Our study has some limitations. First, this study included community-dwelling older adults who were functionally independent and engaged in community activities; the participants were the residents of a rural area in Taiwan. Thus, our findings may not be generalized beyond the study population because our data may not represent normative data. Normative data can be obtained by conducting studies involving a large and randomly selected representative sample from a wide population. Age, sex, and ethnicity should all be considered when defining the reference population. Moreover, older adults who do not participate in community activities must also be assessed. Online surveys may be conducted to collect normative data—something we wish to explore in our future studies given the suitability of our test model. Second, women outnumbered men in the present study. Similarly, in a study on the fitness levels of older people residing in the United States, the number of female participants was higher than that of male participants (men, 2,135; women, 5,048). By contrast, in a similar study conducted in Taiwan, the number of men was higher than that of women. This difference between the participation of men and women may be attributed to cultural and geographical factors; however, further studies are needed. Owing to the sex-specific differences, the sample size of men in our study (n = 547) might not have been adequate. Third, the cross-sectional design of the present study precluded causal inference. To investigate the possible causal relationship between HGS and physical fitness, a longitudinal design or qualitative methodology must be used in future studies. Finally, several researchers conducted the physical fitness tests and managed (i.e., arrangement, input, and evaluation) the obtained data. Thus, human error might have occurred. Nevertheless, to reduce data collection–related variability and enhance test efficiency and accuracy, we used a sensor-assisted physical fitness test system to evaluate the physical fitness of the participants.

Conclusions

The age- and sex-specific reference values for physical fitness may facilitate the interpretation of physical fitness test results. These values can be used by health-care professionals to warn their patients regarding any risk of functional decline.

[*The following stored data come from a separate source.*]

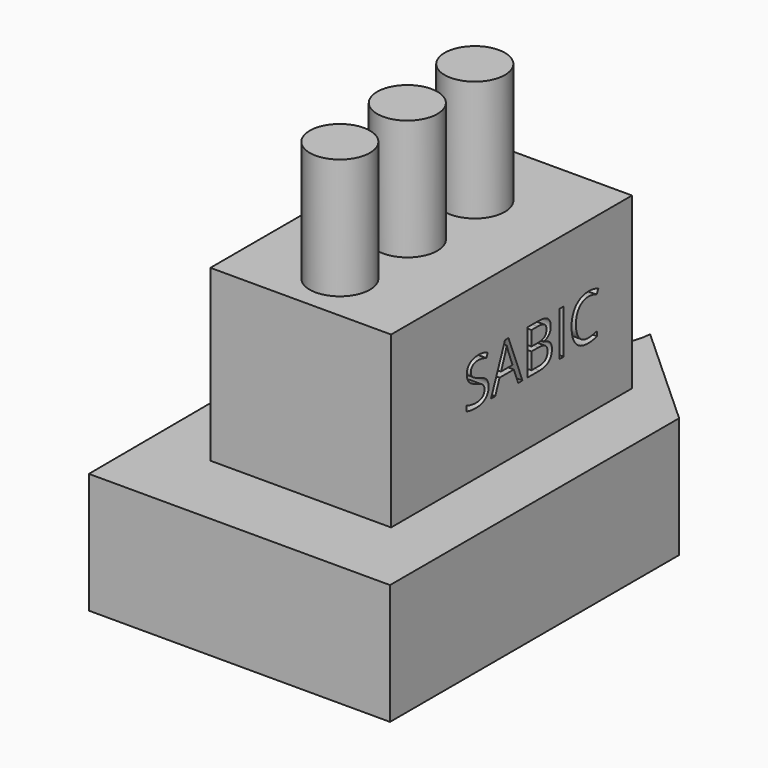
from build123d import *

# Parameters (mm, degrees)
F1_DEPTH     = 25.4
F2_W         = 38.1
F2_H         = 63.5
F3_DEPTH     = 35.814
F4_R         = 6.35
F5_DEPTH     = 25.4
F6_TEXT_SIZE = 13.0934744245
F7_DEPTH     = 47.498
F8_R         = 11.9977628717
F9_DEPTH     = 25.4


# Not quite as in the source:
# - Text() gives the source's letters only with a copy of the font that has no kerning and outlines rounded to 1/6400 em; it was checked with that copy


with BuildPart() as f1:
    # F0 (on Top) → F1 (new body)
    with BuildSketch(Plane.XY):
        Polygon((-32.0597537315, 31.9548403475), (-31.75, -44.244530074), (31.75, -44.244530074), (31.75, 31.955469926), (0, 60.8370981488), align=None)
    extrude(amount=F1_DEPTH)

    # F2 (on face) → F3 (join)
    with BuildSketch(Plane.XY.offset(25.4)):
        with Locations((0, 3.6617376797)):
            Rectangle(F2_W, F2_H)
    extrude(amount=F3_DEPTH)

    # F4 (on face) → F5 (join)
    with BuildSketch(Plane.XY.offset(61.214)):
        with Locations((0, 17.78)):
            Circle(F4_R)
        Circle(F4_R)
        with Locations((0, -17.78)):
            Circle(F4_R)
    extrude(amount=F5_DEPTH)

    # F6 (on face) → F7 (cut)
    with BuildSketch(Plane.YZ.offset(19.05)):
        with Locations((-8.9355027303, 38.6026725173)):
            Text('SABIC', F6_TEXT_SIZE, font='Open Sans', text_align=(TextAlign.LEFT, TextAlign.BOTTOM))
    extrude(amount=-F7_DEPTH, mode=Mode.SUBTRACT)

    # F8 (on face) → F9 (cut)
    with BuildSketch(Plane.XY.offset(25.4)):
        with Locations((-2.6827815454, 53.0243776739)):
            Circle(F8_R)
    extrude(amount=-F9_DEPTH, mode=Mode.SUBTRACT)


solid = f1.part

In addition, the reference values can be used to design effective exercise programs for community-dwelling older adults. The stepwise regression analysis indicated that young men with high BMI values and high levels of performance in the 8-foot up-and-go and back scratch tests exhibit high HGS. Furthermore, the sex-specific analysis suggested that HGS is associated with upper and lower limb strength in women and men, respectively. Thus, our model and reference values may be useful for designing tailored programs for promoting health in older adults.